Journée de la culture 2026 - Politiques de la culture : quelle(s) économie(s) ?
La Journée de la culture 2026 vise à explorer les tendances de fond liées à la baisse des budgets culturels des collectivités publiques en Europe et en Suisse, ainsi que les conséquences qui en découlent quant au rôle de la culture comme bien commun d’une société.
Après avoir abordé les thématiques de l’espace public (2018), la durabilité (2019), l’institution culturelle (2020), la participation culturelle de la population (2023), le métier d'artiste (2024) et la culture dans les espaces urbains (2025), la Journée de la culture 2026 vise à explorer les tendances de fond liées à la baisse des budgets culturels des collectivités publiques en Europe et en Suisse, ainsi que les conséquences qui en découlent quant au rôle de la culture comme bien commun d’une société.
Tout en revendiquant une forme d’autonomie, l’offre culturelle des pays à hauts revenus a fleuri dans l’ombre protectrice de l’État.
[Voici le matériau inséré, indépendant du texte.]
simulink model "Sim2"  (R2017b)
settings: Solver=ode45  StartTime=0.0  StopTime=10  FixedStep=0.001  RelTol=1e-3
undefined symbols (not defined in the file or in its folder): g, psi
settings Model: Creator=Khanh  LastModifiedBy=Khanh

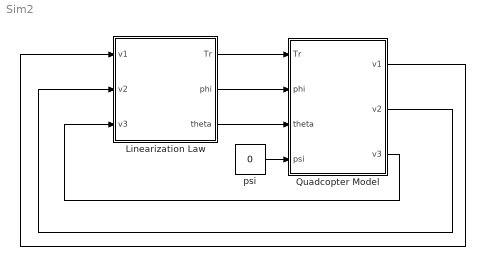
== system Sim2 ==
  Linearization Law : Subsystem
  Quadcopter Model : Subsystem
  psi : Constant  Value=0
  wires:
  psi/1 -> Quadcopter Model/4(psi)
  Linearization Law/3("theta ") -> Quadcopter Model/3(theta)
  Linearization Law/2(phi) -> Quadcopter Model/2(phi)
  Linearization Law/1(Tr) -> Quadcopter Model/1(Tr)
  Quadcopter Model/1(v1) -> Linearization Law/1(v1)
  Quadcopter Model/2(v2) -> Linearization Law/2(v2)
  Quadcopter Model/3(v3) -> Linearization Law/3(v3)

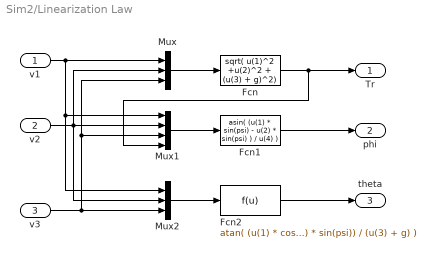
== system Sim2/Linearization Law ==
  v1 : Inport
  v2 : Inport  Port=2
  v3 : Inport  Port=3
  Fcn : Fcn  Expr=sqrt( u(1)^2 +u(2)^2 + (u(3) + g)^2)
  Fcn1 : Fcn  Expr=asin( (u(1) * sin(psi) - u(2) * sin(psi) ) / u(4) )
  Fcn2 : Fcn  Expr=atan( (u(1) * cos(psi) + u(2) * sin(psi)) / (u(3) + g) )
  Mux : Mux  Inputs=3
  Mux1 : Mux
  Mux2 : Mux  Inputs=3
  Tr : Outport
  phi : Outport  Port=2
  "theta " : Outport  Port=3
  wires:
  v1/1 -> Mux/1, Mux2/1, Mux1/1
  v2/1 -> Mux2/2, Mux1/2, Mux/2
  v3/1 -> Mux2/3, Mux1/3, Mux/3
  Fcn/1 -> Mux1/4, Tr/1
  Mux/1 -> Fcn/1
  Fcn1/1 -> phi/1
  Mux1/1 -> Fcn1/1
  Fcn2/1 -> "theta "/1
  Mux2/1 -> Fcn2/1

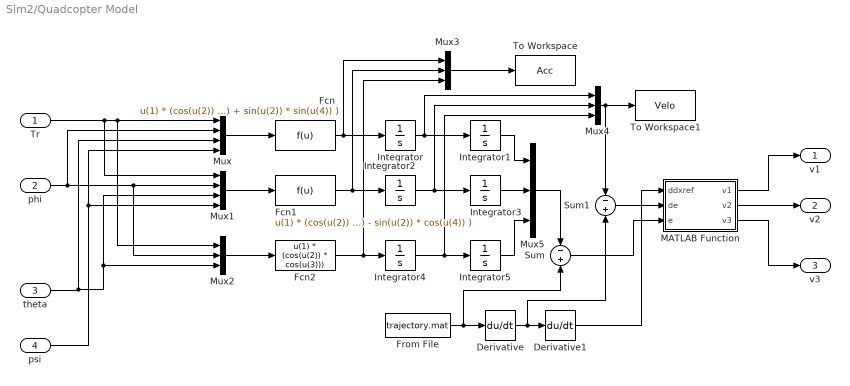
== system Sim2/Quadcopter Model ==
  Tr : Inport
  phi : Inport  Port=2
  theta : Inport  Port=3
  psi : Inport  Port=4
  Derivative : Derivative
  Derivative1 : Derivative
  Fcn : Fcn  Expr=u(1) * (cos(u(2)) * sin(u(3)) * cos(u(4)) + sin(u(2)) * sin(u(4)) )
  Fcn1 : Fcn  Expr=u(1) * (cos(u(2)) * sin(u(3)) * sin(u(4)) - sin(u(2)) * cos(u(4)) )
  Fcn2 : Fcn  Expr=u(1) * (cos(u(2)) * cos(u(3)))
  From File : FromFile  FileName=trajectory.mat  SampleTime=0
  Integrator : Integrator  InitialCondition=5
  Integrator1 : Integrator
  Integrator2 : Integrator  InitialCondition=0.1
  Integrator3 : Integrator
  Integrator4 : Integrator  InitialCondition=0.1
  Integrator5 : Integrator
  MATLAB Function : MATLAB Function  TreatAsAtomicUnit=on
  Mux : Mux
  Mux1 : Mux
  Mux{2..5} (4 alike) : Mux  Inputs=3
  Sum : Sum  Inputs=-+
  Sum1 : Sum  Inputs=-+
  To Workspace : ToWorkspace  VariableName=Acc  SaveFormat=Timeseries  SampleTime=-1
  To Workspace1 : ToWorkspace  VariableName=Velo  SaveFormat=Timeseries  SampleTime=-1
  v1 : Outport
  v2 : Outport  Port=2
  v3 : Outport  Port=3
  wires:
  Mux/1 -> Fcn/1
  Tr/1 -> Mux1/1, Mux2/1, Mux/1
  phi/1 -> Mux2/2, Mux1/2, Mux/2
  theta/1 -> Mux2/3, Mux1/3, Mux/3
  Mux1/1 -> Fcn1/1
  psi/1 -> Mux1/4, Mux/4
  Mux2/1 -> Fcn2/1
  Fcn/1 -> Mux3/1, Integrator/1
  Integrator/1 -> Mux4/1, Integrator1/1
  Fcn1/1 -> Mux3/2, Integrator2/1
  Integrator2/1 -> Mux4/2, Integrator3/1
  Integrator4/1 -> Mux4/3, Integrator5/1
  Fcn2/1 -> Mux3/3, Integrator4/1
  Mux3/1 -> To Workspace/1
  Mux4/1 -> Sum1/1, To Workspace1/1
  MATLAB Function/1(v1) -> v1/1
  MATLAB Function/2(v2) -> v2/1
  MATLAB Function/3(v3) -> v3/1
  Integrator3/1 -> Mux5/2
  Integrator1/1 -> Mux5/1
  Integrator5/1 -> Mux5/3
  From File/1 -> Sum/2, Derivative/1
  Derivative/1 -> Sum1/2, Derivative1/1
  Derivative1/1 -> MATLAB Function/1(ddxref)
  Sum/1 -> MATLAB Function/3(e)
  Mux5/1 -> Sum/1
  Sum1/1 -> MATLAB Function/2(de)

== matlab function Sim2/Quadcopter Model/MATLAB Function ==
  data: ddxref input size=3; v1 output size=1; v2 output size=1; v3 output size=1; de input size=3; e input size=3
function [v1,v2,v3] = fcn(ddxref,de,e)
v1 = ddxref(1) + 4*de(1) * 4*e(1);
v2 = ddxref(2) + 4*de(2) * 4*e(2);
v3 = ddxref(3) + 4*de(3) * 4*e(3);

Cette promiscuité l’a toutefois rendue particulièrement sensible aux variations budgétaires des collectivités, et lorsque les finances publiques toussent, c’est tout le système culturel qui est malade. Les crises se répètent et les remèdes se ressemblent : programmes d’assainissement et recherche d’efficience. Une nouvelle gestion publique se met alors en place et diffuse ses outils dans un milieu culturel désormais indexé au financement par projet.
La logique du projet, qui entretient des affinités électives avec la nouvelle économie, devient en effet l’un des modes privilégiés d’organisation de la compétition entre entrepreneur·euses de la culture pour l’obtention de soutiens financiers. Préfigurant une flexibilité vouée à se généraliser, acteur·ices culturel·les oscillent ainsi entre périodes d’engagement et d’inactivité, conjurant l’incertitude en cumulant les engagements, en soignant leurs réseaux, mais aussi en développant une connaissance aiguë du système de sécurité sociale. Reste une interrogation : quel est l’effet de l’incertitude sur la maturation des idées artistiques et la santé de celles et ceux qui les portent ?
Les modalités de la production artistique semblent pourtant peu discutées hors des milieux concernés. Happé par le flux incessant de l’actualité, le débat public paraît n’y consacrer en effet qu’un intérêt assez limité. Faut-il politiser davantage les politiques culturelles ? Faire résonner plus largement la question du soutien à la culture, jusqu’à en faire une thématique incontournable ? Concevoir la vitalité artistique des territoires comme l’un des indicateurs cardinaux de leur dynamisme ?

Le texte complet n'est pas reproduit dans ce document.